*** Begin section ***

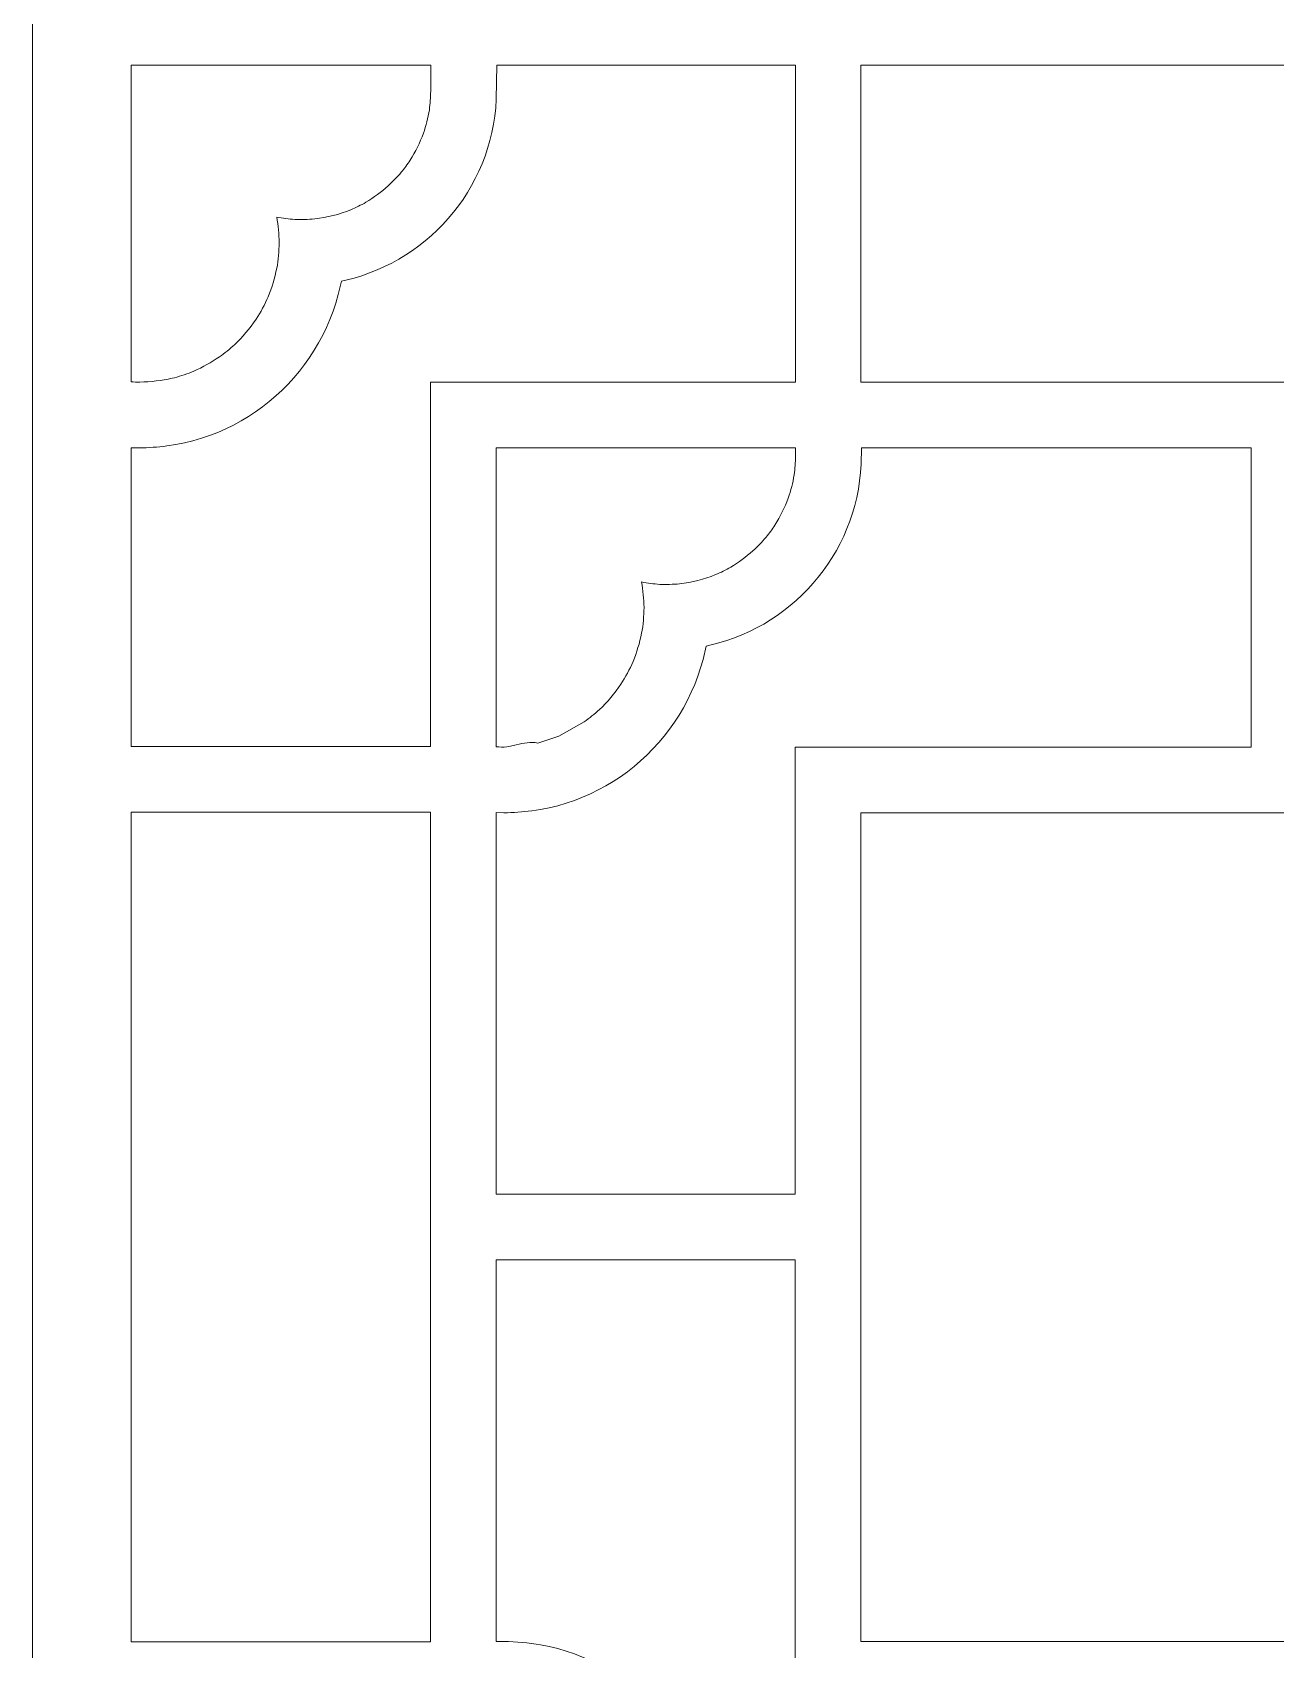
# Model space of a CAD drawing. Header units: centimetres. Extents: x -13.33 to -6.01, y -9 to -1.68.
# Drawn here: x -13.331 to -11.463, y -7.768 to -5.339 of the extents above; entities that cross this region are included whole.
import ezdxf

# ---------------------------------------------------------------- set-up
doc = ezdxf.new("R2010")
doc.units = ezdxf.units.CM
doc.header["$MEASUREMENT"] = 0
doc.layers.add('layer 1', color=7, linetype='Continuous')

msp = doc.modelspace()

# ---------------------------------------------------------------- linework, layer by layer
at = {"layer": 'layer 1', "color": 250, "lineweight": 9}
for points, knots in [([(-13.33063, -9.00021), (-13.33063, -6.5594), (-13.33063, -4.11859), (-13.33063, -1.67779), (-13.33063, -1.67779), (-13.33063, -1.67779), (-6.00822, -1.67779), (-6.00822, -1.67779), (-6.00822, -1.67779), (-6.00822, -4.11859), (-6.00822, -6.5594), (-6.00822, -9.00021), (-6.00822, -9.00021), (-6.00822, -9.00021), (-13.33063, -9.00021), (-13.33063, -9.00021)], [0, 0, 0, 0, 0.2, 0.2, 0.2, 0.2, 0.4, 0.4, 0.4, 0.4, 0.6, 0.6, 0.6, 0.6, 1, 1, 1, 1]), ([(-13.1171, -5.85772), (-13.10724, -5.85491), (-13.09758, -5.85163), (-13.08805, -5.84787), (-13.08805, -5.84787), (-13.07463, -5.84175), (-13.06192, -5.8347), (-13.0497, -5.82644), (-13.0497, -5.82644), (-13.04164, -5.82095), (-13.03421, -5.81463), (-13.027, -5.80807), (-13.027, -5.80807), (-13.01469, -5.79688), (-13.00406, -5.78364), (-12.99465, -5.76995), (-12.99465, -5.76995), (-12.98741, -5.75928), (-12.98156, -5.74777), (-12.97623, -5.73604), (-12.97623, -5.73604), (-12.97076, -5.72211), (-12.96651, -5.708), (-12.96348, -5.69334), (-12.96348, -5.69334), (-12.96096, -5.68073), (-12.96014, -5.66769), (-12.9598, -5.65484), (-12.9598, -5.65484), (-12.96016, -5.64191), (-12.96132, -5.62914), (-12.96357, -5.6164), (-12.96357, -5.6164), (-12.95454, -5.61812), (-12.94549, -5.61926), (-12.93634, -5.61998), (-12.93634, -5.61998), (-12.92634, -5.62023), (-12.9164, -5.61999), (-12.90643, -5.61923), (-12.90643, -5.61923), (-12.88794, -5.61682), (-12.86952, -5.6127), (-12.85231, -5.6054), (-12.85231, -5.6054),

*** End section ***

== GOAL OF THE EXERCISE ==
An exact printout is needed of the lines from the one containing "doc.units = ezdxf.units.CM" through the end of the listing above, both of those lines included, and nothing else.

== RESPONSE TO THE TASK ==
doc.units = ezdxf.units.CM
doc.header["$MEASUREMENT"] = 0
doc.layers.add('layer 1', color=7, linetype='Continuous')

msp = doc.modelspace()

# ---------------------------------------------------------------- linework, layer by layer
at = {"layer": 'layer 1', "color": 250, "lineweight": 9}
for points, knots in [([(-13.33063, -9.00021), (-13.33063, -6.5594), (-13.33063, -4.11859), (-13.33063, -1.67779), (-13.33063, -1.67779), (-13.33063, -1.67779), (-6.00822, -1.67779), (-6.00822, -1.67779), (-6.00822, -1.67779), (-6.00822, -4.11859), (-6.00822, -6.5594), (-6.00822, -9.00021), (-6.00822, -9.00021), (-6.00822, -9.00021), (-13.33063, -9.00021), (-13.33063, -9.00021)], [0, 0, 0, 0, 0.2, 0.2, 0.2, 0.2, 0.4, 0.4, 0.4, 0.4, 0.6, 0.6, 0.6, 0.6, 1, 1, 1, 1]), ([(-13.1171, -5.85772), (-13.10724, -5.85491), (-13.09758, -5.85163), (-13.08805, -5.84787), (-13.08805, -5.84787), (-13.07463, -5.84175), (-13.06192, -5.8347), (-13.0497, -5.82644), (-13.0497, -5.82644), (-13.04164, -5.82095), (-13.03421, -5.81463), (-13.027, -5.80807), (-13.027, -5.80807), (-13.01469, -5.79688), (-13.00406, -5.78364), (-12.99465, -5.76995), (-12.99465, -5.76995), (-12.98741, -5.75928), (-12.98156, -5.74777), (-12.97623, -5.73604), (-12.97623, -5.73604), (-12.97076, -5.72211), (-12.96651, -5.708), (-12.96348, -5.69334), (-12.96348, -5.69334), (-12.96096, -5.68073), (-12.96014, -5.66769), (-12.9598, -5.65484), (-12.9598, -5.65484), (-12.96016, -5.64191), (-12.96132, -5.62914), (-12.96357, -5.6164), (-12.96357, -5.6164), (-12.95454, -5.61812), (-12.94549, -5.61926), (-12.93634, -5.61998), (-12.93634, -5.61998), (-12.92634, -5.62023), (-12.9164, -5.61999), (-12.90643, -5.61923), (-12.90643, -5.61923), (-12.88794, -5.61682), (-12.86952, -5.6127), (-12.85231, -5.6054), (-12.85231, -5.6054),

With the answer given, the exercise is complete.